804 Sqn's diary, quoted in Sky over Scapa, reads:
A tremendous day for HMS Sparrowhawk, the first and we hope by no means the last. 804 Squadron began their fun at 16.05 hours when Yellow Section flew off to Copinsay. There were a great many plots on the board, the weather fine with layers of cloud varying in density up to about 10,000 feet. about 16.40 hours P/O Sabey saw a Do17 and the section gave chase. Sub.Lt. Fell got in a burst at about 500 yds. as the Do17 disappeared into the cloud but followed him in.P/O Peacock went in above the cloud and as he came out so did the Do17, 400 yds. away. Peackock got in a burst before the enemy aircraft dived away back into the clouds. We were later informed that Do17 was crying SOS with a leaking petrol tank and did not reach his base.
Red Section of 804 Sqn. (Gladiators from Hatston) are patrolling between Copinsay and Burray when they see an He 111K ten miles east which is being chased by 43 Sqn. Hurricanes from Wick.
804 Sqn's diary, quoted in Sky over Scapa, reads:
At 16.45 hours Red Section was sent to patrol between Copinsay and Burray. As soon as it got there, Carver saw a Heinkel 111K about ten miles east going north-east. Hot pursuit was begun and as the Section followed, Hurricanes could be seen on the cloud dodging Heinkel's tail. After a few minutes the enemy aircraft began climbing, twisting and diving. By the time Red Section arrived and got within range, 43 Squadron had done their job. The enemy aircraft's motors were idling and he dived down to 20 feet over the sea. For two or three miles, he held at 20 feet with a dark oil streak trailing behind him on the sea and finally flopped, port wing first. Six Hurricanes and Red Section few around the wreck as three of the crew swam for it.
Estimates vary, possibly as many as 60 aircraft, Junkers 88s and Heinkel 111s, 7-10,000ft. One wave approaches from the east and another from the south-east.
605 Sqn. Hurricanes are scrambled from Wick and 804 Sqn. Gladiators are scrambled from Hatston.

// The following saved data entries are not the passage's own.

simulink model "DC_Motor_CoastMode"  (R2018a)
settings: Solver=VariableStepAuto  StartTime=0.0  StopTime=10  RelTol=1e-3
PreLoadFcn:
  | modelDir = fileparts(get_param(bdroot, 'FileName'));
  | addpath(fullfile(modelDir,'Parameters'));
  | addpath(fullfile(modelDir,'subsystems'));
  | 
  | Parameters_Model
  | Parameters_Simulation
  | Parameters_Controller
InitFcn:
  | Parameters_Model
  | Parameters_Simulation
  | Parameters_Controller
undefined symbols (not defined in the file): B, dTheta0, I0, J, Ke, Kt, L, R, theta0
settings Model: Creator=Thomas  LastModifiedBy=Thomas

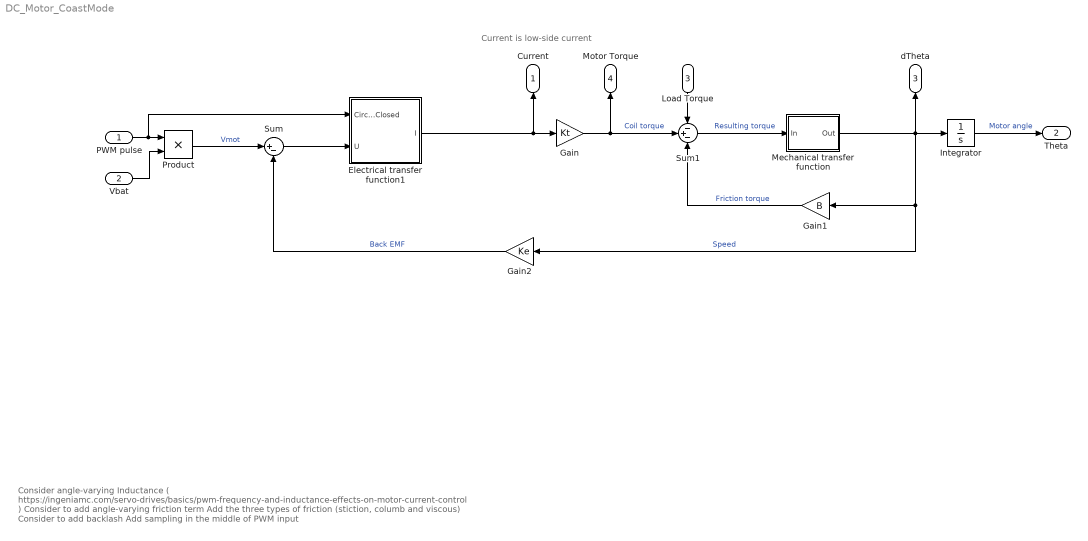
== system DC_Motor_CoastMode ==
  note: Current is low-side current
  note: Consider angle-varying Inductance ( https://ingeniamc.com/servo-drives/basics/pwm-frequency-and-inductance-effects-on-motor-current-control )
      | Consider to add angle-varying friction term
      | Add the three types of friction (stiction, columb and viscous)
      | Consider to add backlash
      | Add sampling in the middle of PWM input
  PWM pulse : Inport  OutDataTypeStr=boolean
  Vbat : Inport  Port=2  OutDataTypeStr=double
  Load Torque : Inport  Port=3
  Electrical transfer function1 : Subsystem
  Gain : Gain  Gain=Kt
  Gain1 : Gain  Gain=B
  Gain2 : Gain  Gain=Ke
  Integrator : Integrator  InitialCondition=theta0
  Mechanical transfer function : Subsystem
  Product : Product
  Sum : Sum  Inputs=|+-
  Sum1 : Sum  Inputs=-+-
  Current : Outport
  Theta : Outport  Port=2
  dTheta : Outport  Port=3
  Motor Torque : Outport  Port=4
  wires:
  Vbat/1 -> Product/2
  Product/1 -> Sum/1  "Vmot"
  Electrical transfer function1/1(I) -> Current/1, Gain/1
  Sum/1 -> Electrical transfer function1/2(U)
  Gain2/1 -> Sum/2  "Back EMF"
  Gain/1 -> Sum1/2, Motor Torque/1  "Coil torque"
  Load Torque/1 -> Sum1/1
  Sum1/1 -> Mechanical transfer function/1(In)  "Resulting torque"
  Mechanical transfer function/1(Out) -> Gain2/1, Gain1/1, Integrator/1, dTheta/1  "Speed"
  Gain1/1 -> Sum1/3  "Friction torque"
  Integrator/1 -> Theta/1  "Motor angle"
  PWM pulse/1 -> Electrical transfer function1/1(CircuitClosed), Product/1

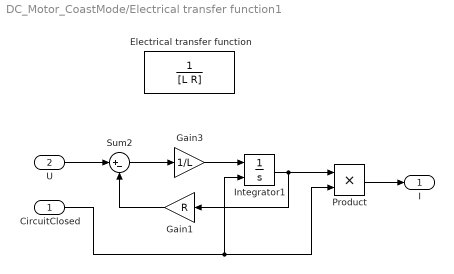
== system DC_Motor_CoastMode/Electrical transfer function1 ==
  CircuitClosed : Inport
  U : Inport  Port=2
  Electrical transfer function : TransferFcn  Denominator=[L R]
  Gain1 : Gain  Gain=R
  Gain3 : Gain  Gain=1/L
  Integrator1 : Integrator  ExternalReset=either  InitialCondition=I0
  Product : Product
  Sum2 : Sum  Inputs=|+-
  I : Outport
  wires:
  U/1 -> Sum2/1
  Gain3/1 -> Integrator1/1
  Gain1/1 -> Sum2/2
  Sum2/1 -> Gain3/1
  Integrator1/1 -> Product/1, Gain1/1
  CircuitClosed/1 -> Product/2, Integrator1/2
  Product/1 -> I/1

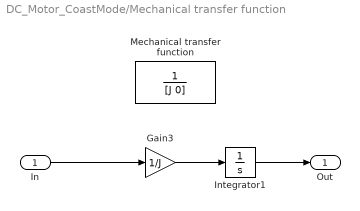
== system DC_Motor_CoastMode/Mechanical transfer function ==
  In : Inport
  Gain3 : Gain  Gain=1/J
  Integrator1 : Integrator  InitialCondition=dTheta0
  Mechanical transfer function : TransferFcn  Denominator=[J 0]
  Out : Outport
  wires:
  Gain3/1 -> Integrator1/1
  In/1 -> Gain3/1
  Integrator1/1 -> Out/1
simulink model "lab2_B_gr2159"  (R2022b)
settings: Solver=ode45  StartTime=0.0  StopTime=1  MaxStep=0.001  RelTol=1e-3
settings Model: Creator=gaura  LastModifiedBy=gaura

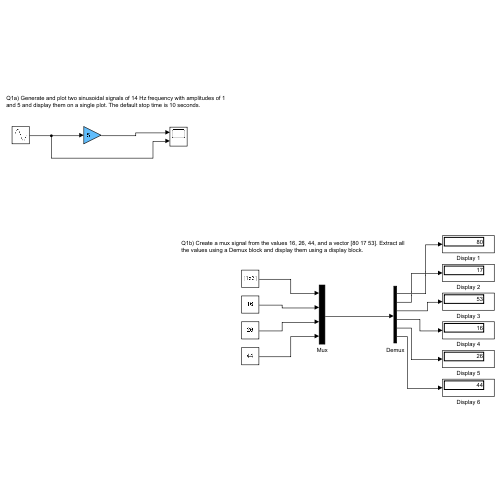
[thumbnail: Simulink's stored preview of the top-level diagram]
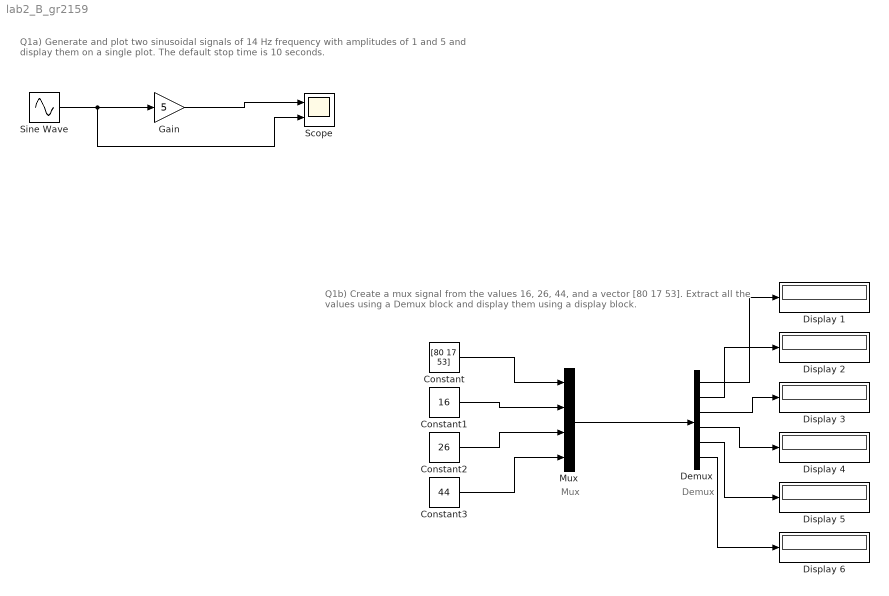
== system lab2_B_gr2159 ==
  note: Demux
  note: Mux
  note: Q1a) Generate and plot two sinusoidal signals of 14 Hz frequency with amplitudes of 1 and 5 and display them on a single plot. The default stop time is 10 seconds.
  note: Q1b) Create a mux signal from the values 16, 26, 44, and a vector [80 17 53]. Extract all the values using a Demux block and display them using a display block.
  Constant : Constant  Value=[80 17 53]
  Constant1 : Constant  Value=16
  Constant2 : Constant  Value=26
  Constant3 : Constant  Value=44
  Demux : Demux  Outputs=6
  Display {1..6} (6 alike) : Display
  Gain : Gain  Gain=5
  Mux : Mux
  Scope : Scope  NumInputPorts=2
  Sine Wave : Sin  Frequency=14*2*pi  SampleTime=0
  wires:
  Sine Wave/1 -> Scope/2, Gain/1
  Gain/1 -> Scope/1
  Constant/1 -> Mux/1
  Constant1/1 -> Mux/2
  Constant2/1 -> Mux/3
  Constant3/1 -> Mux/4
  Mux/1 -> Demux/1
  Demux/1 -> Display 1/1
  Demux/2 -> Display 2/1
  Demux/3 -> Display 3/1
  Demux/4 -> Display 4/1
  Demux/5 -> Display 5/1
  Demux/6 -> Display 6/1

OPERATIONS RECORD BOOK of (Unit or Formation) No. 605 Squadron.
Summary of Events
References to Appendices
Fine day with little wind. No activity in the morning and patrols were ordered over South going convoy from Kirkwall. At approx. 1545 hours P/O.Muirhead while on convoy patrol sighted enemy aircraft and carried out two attacks before losing him in cloud. An hour later F/O. Leeson leading red section saw two enemy aircraft at 14000 ft. climbed and brought the one down and two of crew jumped with parachute. It is unknown for certain whether the first machine encountered by F/O. Muirhead was brought down or not. For the next six hours there was intense activity far greater than anything seen previously. The released Squadron was brought to Stand-By; at one time we had three sections at Stand-By and it was still said there there were not sufficient fighter aircraft. Four pilots fired rounds at enemy aircraft and made out reports. F/O Lesson P/O. Carter, P/O. Muirhead and Sgt.Moffatt. Red section were available for 2¼ hours. "A" Flight were supplying the night phase pilots at at approx. 2045 hours Wick Air Raid Warning sounded; two of Red and Yellow section took off together with others from 43 and 111 Squadrons there were about 10 aircraft in the air after dark to encounter a raid on Scapa of about 40 enemy aircraft who came over in successive waves. Anti-Aircraft fire was intense and there were one or two loud reports of bombs one on the Pentland Skerries but no damage at all was reported. P/O. Edge and Flying Officer Austin P/O Currant and Sgt Mainland took part; F/O. Edge attacked three separate enemy aircraft and P/O. Current used all his ammunition on one enemy aircraft but neither pilots was able to say definitely with what results. It was reported that this station together with Hatston and anti-aircraft had accounted for seven enemy aircraft during the day.